— REQUIRED WORK —
Whenever the word "dialog" appears in a line of the data below, copy that line.

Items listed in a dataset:
____________________

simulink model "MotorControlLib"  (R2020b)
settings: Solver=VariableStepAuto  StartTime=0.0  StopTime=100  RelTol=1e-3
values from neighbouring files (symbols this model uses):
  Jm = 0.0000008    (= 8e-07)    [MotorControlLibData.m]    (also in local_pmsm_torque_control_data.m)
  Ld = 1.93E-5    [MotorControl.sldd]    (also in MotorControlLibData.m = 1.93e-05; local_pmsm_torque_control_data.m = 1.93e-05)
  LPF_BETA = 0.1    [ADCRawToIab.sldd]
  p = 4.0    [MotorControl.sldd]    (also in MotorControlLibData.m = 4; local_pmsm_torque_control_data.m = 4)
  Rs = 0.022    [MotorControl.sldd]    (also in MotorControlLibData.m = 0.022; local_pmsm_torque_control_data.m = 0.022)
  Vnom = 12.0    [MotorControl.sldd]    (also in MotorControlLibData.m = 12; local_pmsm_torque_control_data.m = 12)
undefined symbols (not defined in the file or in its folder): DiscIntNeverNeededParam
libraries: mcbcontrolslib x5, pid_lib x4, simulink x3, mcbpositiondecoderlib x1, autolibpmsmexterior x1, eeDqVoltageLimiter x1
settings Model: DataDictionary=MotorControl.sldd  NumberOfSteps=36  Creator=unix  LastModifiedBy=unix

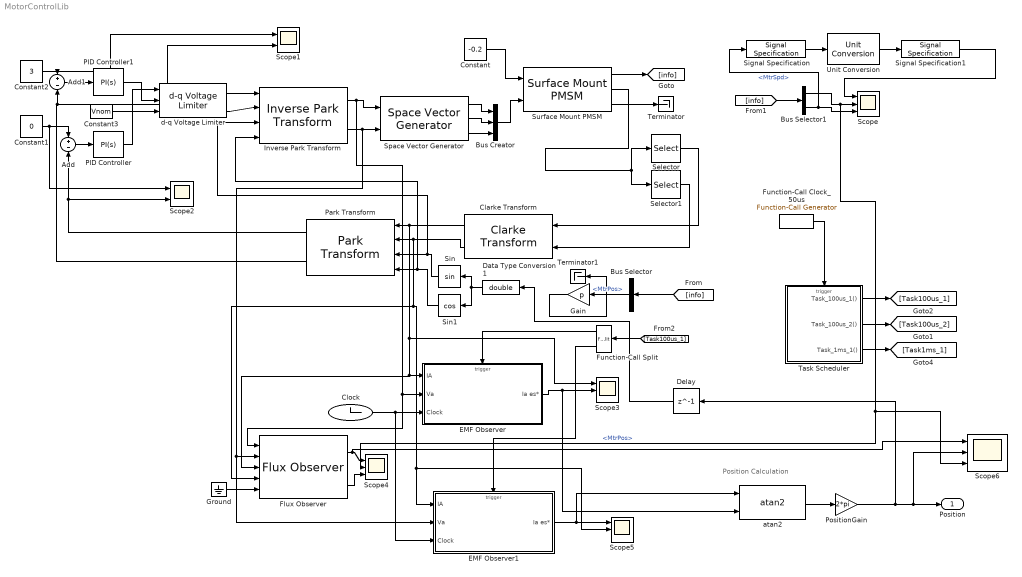
== system MotorControlLib ==
  note: Position Calculation
  Add : Sum  Inputs=+|-
  Add1 : Sum  Inputs=+|-
  Bus Creator : BusCreator  Inputs=3
  Bus Selector : BusSelector  OutputSignals=MtrPos
  Bus Selector1 : BusSelector  OutputSignals=MtrPos,MtrSpd
  Clarke Transform : mcbcontrolslib/Clarke Transform  VariantControl=Variant2
  Clock : Clock
  Constant : Constant  Value=-0.2
  Constant1 : Constant  Value=0
  Constant2 : Constant  Value=3
  Constant3 : Constant  Value=Vnom
  Data Type Conversion1 : DataTypeConversion  OutDataTypeStr=double
  Delay : Delay  DelayLength=1
  EMF Observer : Subsystem
  EMF Observer1 : Subsystem
  Flux Observer : mcbpositiondecoderlib/Flux Observer  BlockInputUnit=SI unit  PerUnitVoltage=13.86  PerUnitCurrent=19.3  PositionSelect=on  FluxSelect=on  TorqueSelect=off  PolePairs=4  StatorResistance=0.36  StatorDAxisInductance=0.2e-3  BlockSampleTime=50e-6  PositionUnit=Radians  PositionDatatype=single  FluxUnit=Weber  PerUnitFlux=0.1  FluxDatatype=single  TorqueUnit=Nm  PerUnitTorque=100  TorqueDatatype=single
      settings: SourceProductBaseCode=MT
  Function-Call Clock_50us : simulink/Ports & Subsystems/Function-Call Generator  sample_time=5e-5  numberOfIterations=1  DisallowWideOutput=off
  Function-Call Split : FunctionCallSplit  IconShape=distinctive  NumOutputPorts=2  OutputPortLayout=default
  Gain : Gain  Gain=p
  Ground : Ground
  Inverse Park Transform : mcbcontrolslib/Inverse Park Transform  AxisAlignment=D-axis
  PID Controller : pid_lib/PID Controller  Controller=PI  Form=Parallel  TimeDomain=Continuous-time  UseExternalTs=off  SampleTime=-1  IntegratorMethod=Forward Euler  FilterMethod=Forward Euler  ControllerParametersSource=internal  P=100  I=20  D=0  UseFilter=on  N=100  TunerSelectOption=Transfer Function Based (PID Tuner App)  InitialConditionSource=internal  InitialConditionForIntegrator=0  InitialConditionForFilter=0  DifferentiatorICPrevScaledInput=0  ExternalReset=none  TrackingMode=off  Kt=1  LimitOutput=on  SatLimitsSource=internal  UpperSaturationLimit=10  LowerSaturationLimit=-10  LinearizeAsGain=on  AntiWindupMode=none  Kb=1  POutMin=[]  POutMax=[]  IOutMin=[]  IOutMax=[]  DOutMin=[]  DOutMax=[]  NOutMin=[]  NOutMax=[]  SumOutMin=[]  SumOutMax=[]  SaturationOutMin=[]  SaturationOutMax=[]  PParamMin=[]  PParamMax=[]  IParamMin=[]  IParamMax=[]  DParamMin=[]  DParamMax=[]  NParamMin=[]  NParamMax=[]  KbParamMin=[]  KbParamMax=[]  KtParamMin=[]  KtParamMax=[]  KbOutMin=[]  KbOutMax=[]  KtOutMin=[]  KtOutMax=[]  IntegratorOutMin=[]  IntegratorOutMax=[]  FilterOutMin=[]  FilterOutMax=[]  SumI1OutMin=[]  SumI1OutMax=[]  SumI2OutMin=[]  SumI2OutMax=[]  SumI3OutMin=[]  SumI3OutMax=[]  SumI4OutMin=[]  SumI4OutMax=[]  SumDOutMin=[]  SumDOutMax=[]  DifferentiatorOutMin=[]  DifferentiatorOutMax=[]  FilterDiffOutCoefMin=[]  FilterDiffOutCoefMax=[]  ReciprocalOutMin=[]  ReciprocalOutMax=[]  SumDenOutMin=[]  SumDenOutMax=[]  SumNumOutMin=[]  SumNumOutMax=[]  DivideOutMin=[]  DivideOutMax=[]  UdiffTsProdOutMin=[]  UdiffTsProdOutMax=[]  NTsProdOutMin=[]  NTsProdOutMax=[]  UintegralTsProdOutMin=[]  UintegralTsProdOutMax=[]  UngainTsProdOutMin=[]  UngainTsProdOutMax=[]  IntegratorContinuousStateAttributes=''  IntegratorStateMustResolveToSignalObject=off  IntegratorRTWStateStorageClass=Auto  FilterContinuousStateAttributes=''  FilterStateMustResolveToSignalObject=off  FilterRTWStateStorageClass=Auto  ParallelPVariant=InternalParameters  IdealPVariant=Disabled  IVariant=InternalParameters  DVariant=Disabled  IntegratorVariant=Continuous  SatVariant=Enabled  AWVariant=Passthrough  PCopyVariant=Disabled  TRVariant=Disabled  FdbkBlocksVariant=Forward  IdealPFdbkVariant=Disabled  SatFdbkVariant=Disabled  DerivativeFilterVariant=Disabled  NVariant=Disabled  NCopyVariant=Disabled_SignalSpec  FilterICVariant=Disabled  IntegratorICVariant=InternalICs  ExternalResetVariant=Disabled  TRSumVariant=Passthrough  SumFdbkVariant=Disabled  SumVariant=Sum_PI  TsampFilterVariant=InternalTs  TsampNgainVariant=Passthrough  TsampIntegralVariant=Passthrough  ExternalSaturationOutDataTypeStr=Inherit: Same as second input
  PID Controller1 : pid_lib/PID Controller  Controller=PI  Form=Parallel  TimeDomain=Continuous-time  UseExternalTs=off  SampleTime=-1  IntegratorMethod=Forward Euler  FilterMethod=Forward Euler  ControllerParametersSource=internal  P=800  I=100  D=0  UseFilter=on  N=100  TunerSelectOption=Transfer Function Based (PID Tuner App)  InitialConditionSource=internal  InitialConditionForIntegrator=0  InitialConditionForFilter=0  DifferentiatorICPrevScaledInput=0  ExternalReset=none  TrackingMode=off  Kt=1  LimitOutput=off  SatLimitsSource=internal  UpperSaturationLimit=inf  LowerSaturationLimit=-inf  LinearizeAsGain=on  AntiWindupMode=none  Kb=1  POutMin=[]  POutMax=[]  IOutMin=[]  IOutMax=[]  DOutMin=[]  DOutMax=[]  NOutMin=[]  NOutMax=[]  SumOutMin=[]  SumOutMax=[]  SaturationOutMin=[]  SaturationOutMax=[]  PParamMin=[]  PParamMax=[]  IParamMin=[]  IParamMax=[]  DParamMin=[]  DParamMax=[]  NParamMin=[]  NParamMax=[]  KbParamMin=[]  KbParamMax=[]  KtParamMin=[]  KtParamMax=[]  KbOutMin=[]  KbOutMax=[]  KtOutMin=[]  KtOutMax=[]  IntegratorOutMin=[]  IntegratorOutMax=[]  FilterOutMin=[]  FilterOutMax=[]  SumI1OutMin=[]  SumI1OutMax=[]  SumI2OutMin=[]  SumI2OutMax=[]  SumI3OutMin=[]  SumI3OutMax=[]  SumI4OutMin=[]  SumI4OutMax=[]  SumDOutMin=[]  SumDOutMax=[]  DifferentiatorOutMin=[]  DifferentiatorOutMax=[]  FilterDiffOutCoefMin=[]  FilterDiffOutCoefMax=[]  ReciprocalOutMin=[]  ReciprocalOutMax=[]  SumDenOutMin=[]  SumDenOutMax=[]  SumNumOutMin=[]  SumNumOutMax=[]  DivideOutMin=[]  DivideOutMax=[]  UdiffTsProdOutMin=[]  UdiffTsProdOutMax=[]  NTsProdOutMin=[]  NTsProdOutMax=[]  UintegralTsProdOutMin=[]  UintegralTsProdOutMax=[]  UngainTsProdOutMin=[]  UngainTsProdOutMax=[]  IntegratorContinuousStateAttributes=''  IntegratorStateMustResolveToSignalObject=off  IntegratorRTWStateStorageClass=Auto  FilterContinuousStateAttributes=''  FilterStateMustResolveToSignalObject=off  FilterRTWStateStorageClass=Auto  ParallelPVariant=InternalParameters  IdealPVariant=Disabled  IVariant=InternalParameters  DVariant=Disabled  IntegratorVariant=Continuous  SatVariant=Disabled  AWVariant=Passthrough  PCopyVariant=Disabled  TRVariant=Disabled  FdbkBlocksVariant=Forward  IdealPFdbkVariant=Disabled  SatFdbkVariant=Disabled  DerivativeFilterVariant=Disabled  NVariant=Disabled  NCopyVariant=Disabled_SignalSpec  FilterICVariant=Disabled  IntegratorICVariant=InternalICs  ExternalResetVariant=Disabled  TRSumVariant=Passthrough  SumFdbkVariant=Disabled  SumVariant=Sum_PI  TsampFilterVariant=InternalTs  TsampNgainVariant=Passthrough  TsampIntegralVariant=Passthrough  ExternalSaturationOutDataTypeStr=Inherit: Same as second input
  Park Transform : mcbcontrolslib/Park Transform  AxisAlignment=D-axis
      settings: SourceProductBaseCode=MT
  PositionGain : Gain  Gain=2*pi  OutDataTypeStr=single  RndMeth=Simplest
  Scope{,3..6} (5 alike) : Scope  NumInputPorts=3
  Scope1 : Scope  NumInputPorts=2
  Scope2 : Scope  NumInputPorts=2
  Selector : Selector  InputPortWidth=3  IndexOptions=Index vector (dialog)  Indices=1  OutputSizes=1
  Selector1 : Selector  InputPortWidth=3  IndexOptions=Index vector (dialog)  Indices=2  OutputSizes=1
  Signal Specification : SignalSpecification  Unit=rad/s
  Signal Specification1 : SignalSpecification  Unit=rpm
  Sin : Trigonometry
  Sin1 : Trigonometry  Operator=cos
  Space Vector Generator : mcbcontrolslib/Space Vector Generator
      settings: SourceProductBaseCode=MT
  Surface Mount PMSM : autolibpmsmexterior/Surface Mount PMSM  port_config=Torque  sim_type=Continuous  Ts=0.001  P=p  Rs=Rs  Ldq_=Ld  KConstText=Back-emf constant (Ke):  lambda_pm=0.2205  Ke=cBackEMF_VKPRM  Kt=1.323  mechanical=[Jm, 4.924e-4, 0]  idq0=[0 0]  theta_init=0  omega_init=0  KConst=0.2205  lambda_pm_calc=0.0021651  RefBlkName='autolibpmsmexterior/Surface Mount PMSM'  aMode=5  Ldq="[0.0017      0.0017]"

____________________

— WRITTEN RESPONSE —
  Selector : Selector  InputPortWidth=3  IndexOptions=Index vector (dialog)  Indices=1  OutputSizes=1
  Selector1 : Selector  InputPortWidth=3  IndexOptions=Index vector (dialog)  Indices=2  OutputSizes=1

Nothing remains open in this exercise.